关键词:  电动汽车  出行调查数据  时空链  能量链  高斯混合模型  可行域  充电灵活性
DOI:10.16081/j.epae.202412036
分类号:U469.72
基金项目:国家重点研发计划项目(2021YFB2401200);国网上海市电力公司科技项目(52090D230004)
Flexibility inference method for electric vehicle cluster based on travel big data
YANG Long1, ZHANG Peichao2, ZHAO Jianli3, XIANG Jiani3
1.School of Electrical Engineering, Shanghai University of Electric Power, Shanghai 200090, China;2.School of Electronic Information and Electrical Engineering, Shanghai Jiao Tong University, Shanghai 200240, China;3.State Grid Shanghai Municipal Electric Power Company, Shanghai 200122, China
Abstract:
The travel big data can provide rich vehicle travel information, but there are few studies on how to deduce the adjustment ability of electric vehicle(EV) clusters based on travel big data. A spatio-temporal chain inference method of vehicles based on travel survey data and Gaussian mixture model is proposed. A model-driven EV energy chain inference method is proposed to transform the spatio-temporal transitions of EVs into energy changes, thus predicting the charging behavior of EVs.
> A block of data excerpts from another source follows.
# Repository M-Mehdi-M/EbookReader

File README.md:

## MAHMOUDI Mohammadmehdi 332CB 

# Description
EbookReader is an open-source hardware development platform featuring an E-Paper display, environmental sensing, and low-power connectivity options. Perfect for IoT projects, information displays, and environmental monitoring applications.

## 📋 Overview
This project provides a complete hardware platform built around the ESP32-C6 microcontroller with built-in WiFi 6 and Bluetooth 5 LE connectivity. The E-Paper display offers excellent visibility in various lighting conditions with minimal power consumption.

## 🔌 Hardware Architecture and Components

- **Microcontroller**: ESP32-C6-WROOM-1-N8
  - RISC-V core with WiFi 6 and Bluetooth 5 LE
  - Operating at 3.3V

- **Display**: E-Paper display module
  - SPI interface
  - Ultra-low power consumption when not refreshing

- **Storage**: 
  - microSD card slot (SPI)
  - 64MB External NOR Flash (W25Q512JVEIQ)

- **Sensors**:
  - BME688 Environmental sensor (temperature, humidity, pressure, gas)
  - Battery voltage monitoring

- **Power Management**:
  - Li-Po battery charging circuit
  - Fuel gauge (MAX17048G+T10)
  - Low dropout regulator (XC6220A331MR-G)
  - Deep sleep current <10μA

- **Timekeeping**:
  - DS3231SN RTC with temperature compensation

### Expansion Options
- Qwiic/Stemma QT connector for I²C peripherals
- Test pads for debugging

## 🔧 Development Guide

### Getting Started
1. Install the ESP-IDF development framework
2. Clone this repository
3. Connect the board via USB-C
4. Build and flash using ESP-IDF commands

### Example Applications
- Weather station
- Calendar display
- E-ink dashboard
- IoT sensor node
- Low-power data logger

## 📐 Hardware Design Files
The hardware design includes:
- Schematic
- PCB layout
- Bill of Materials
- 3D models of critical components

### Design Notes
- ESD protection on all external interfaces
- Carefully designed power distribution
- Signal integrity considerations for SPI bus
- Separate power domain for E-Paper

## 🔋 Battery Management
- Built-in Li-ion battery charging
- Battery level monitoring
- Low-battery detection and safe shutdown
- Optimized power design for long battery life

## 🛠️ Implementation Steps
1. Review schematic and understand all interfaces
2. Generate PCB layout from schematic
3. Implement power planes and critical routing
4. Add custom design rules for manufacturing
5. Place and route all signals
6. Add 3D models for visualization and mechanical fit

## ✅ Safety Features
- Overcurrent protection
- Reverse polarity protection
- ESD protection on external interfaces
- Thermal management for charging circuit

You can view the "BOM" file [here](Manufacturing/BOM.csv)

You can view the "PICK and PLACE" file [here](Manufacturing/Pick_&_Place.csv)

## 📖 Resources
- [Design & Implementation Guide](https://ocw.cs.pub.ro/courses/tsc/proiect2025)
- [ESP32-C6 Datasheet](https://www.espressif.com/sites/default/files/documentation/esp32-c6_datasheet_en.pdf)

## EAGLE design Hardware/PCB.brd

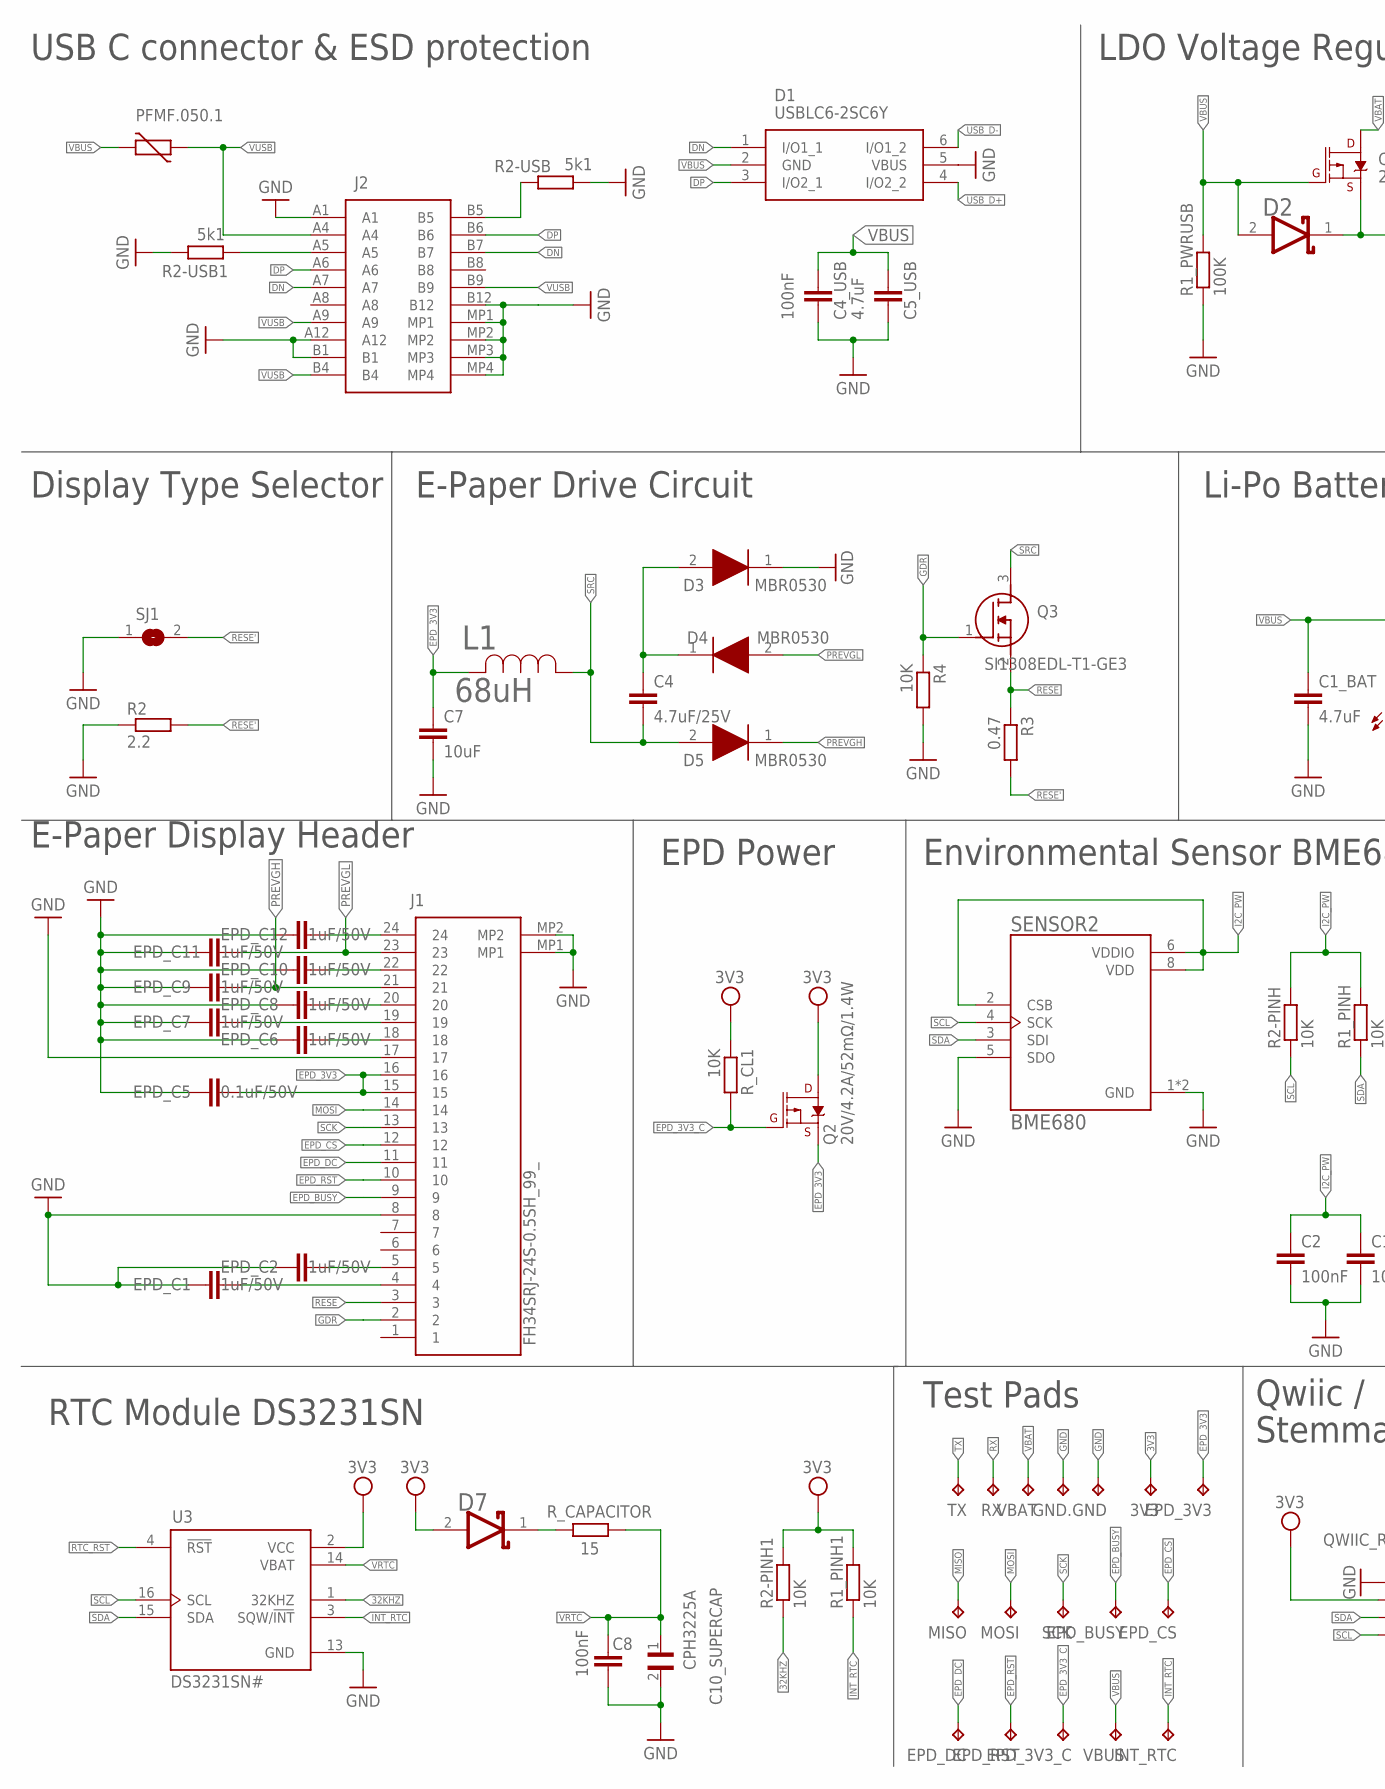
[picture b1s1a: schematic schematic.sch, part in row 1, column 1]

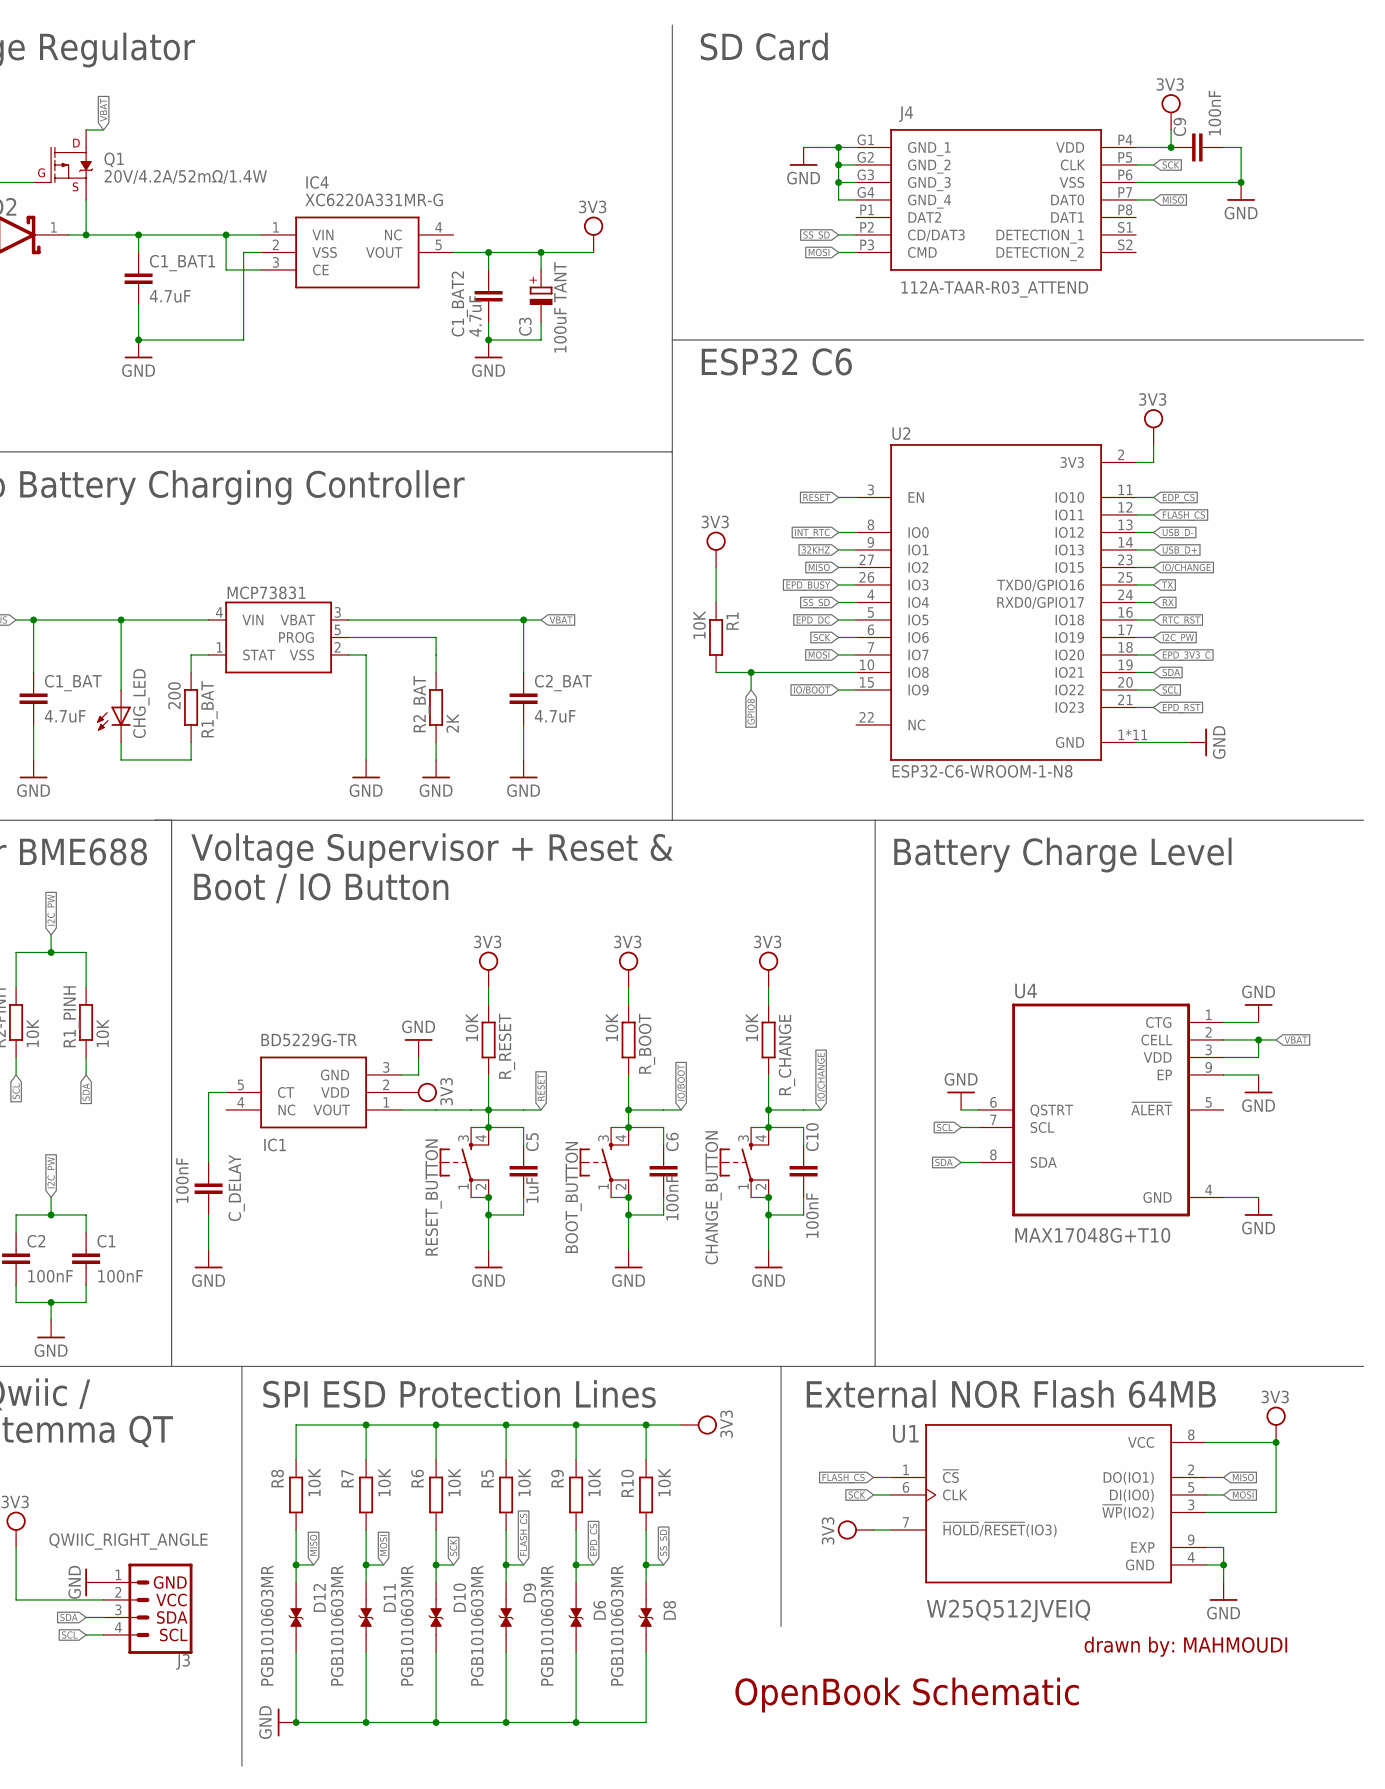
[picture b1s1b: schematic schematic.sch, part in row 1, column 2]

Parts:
3V3: TPTP20R; TP20R
BOOT_BUTTON: BUTTON_CUSYOMV1; MYBUTTON
C1, C2, C6, C8, C9, C10: 100nF; ESP32_WROVER_EAGLE-LTSPICE_C0402
C1_BAT, C2_BAT: 4.7uF; ESP32_WROVER_EAGLE-LTSPICE_C0402
C1_BAT1, C1_BAT2, C5_USB: 4.7uF; EAGLE-LTSPICE_C0402
C3: 100uF TANT; RCL_CT3528
C4: 4.7uF/25V; ESP32_WROVER_EAGLE-LTSPICE_C0402
C4_USB: 100nF; EAGLE-LTSPICE_C0402
C5: 1uF; ESP32_WROVER_EAGLE-LTSPICE_C0402
C7: 10uF; ESP32_WROVER_EAGLE-LTSPICE_C0402
C10_SUPERCAP: CPH3225A; CAPCP3225X100N
CHANGE_BUTTON: BUTTON_CUSYOMV1; MYBUTTON
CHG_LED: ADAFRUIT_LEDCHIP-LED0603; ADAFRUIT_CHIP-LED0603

Based on the above inferred results, the charging feasible region representing the flexibility of EV clusters is constructed, and an optimization-based estimation method of EV cluster’s up and down regulation capability is proposed. Based on a public travel survey database, the simulative results verify that the EV travel results generated by the proposed method are more consistent with the original data distribution. Additionally, considering the factors such as charging preference and response time, the peak shaving and valley filling capabilities of EV cluster in each period are deduced.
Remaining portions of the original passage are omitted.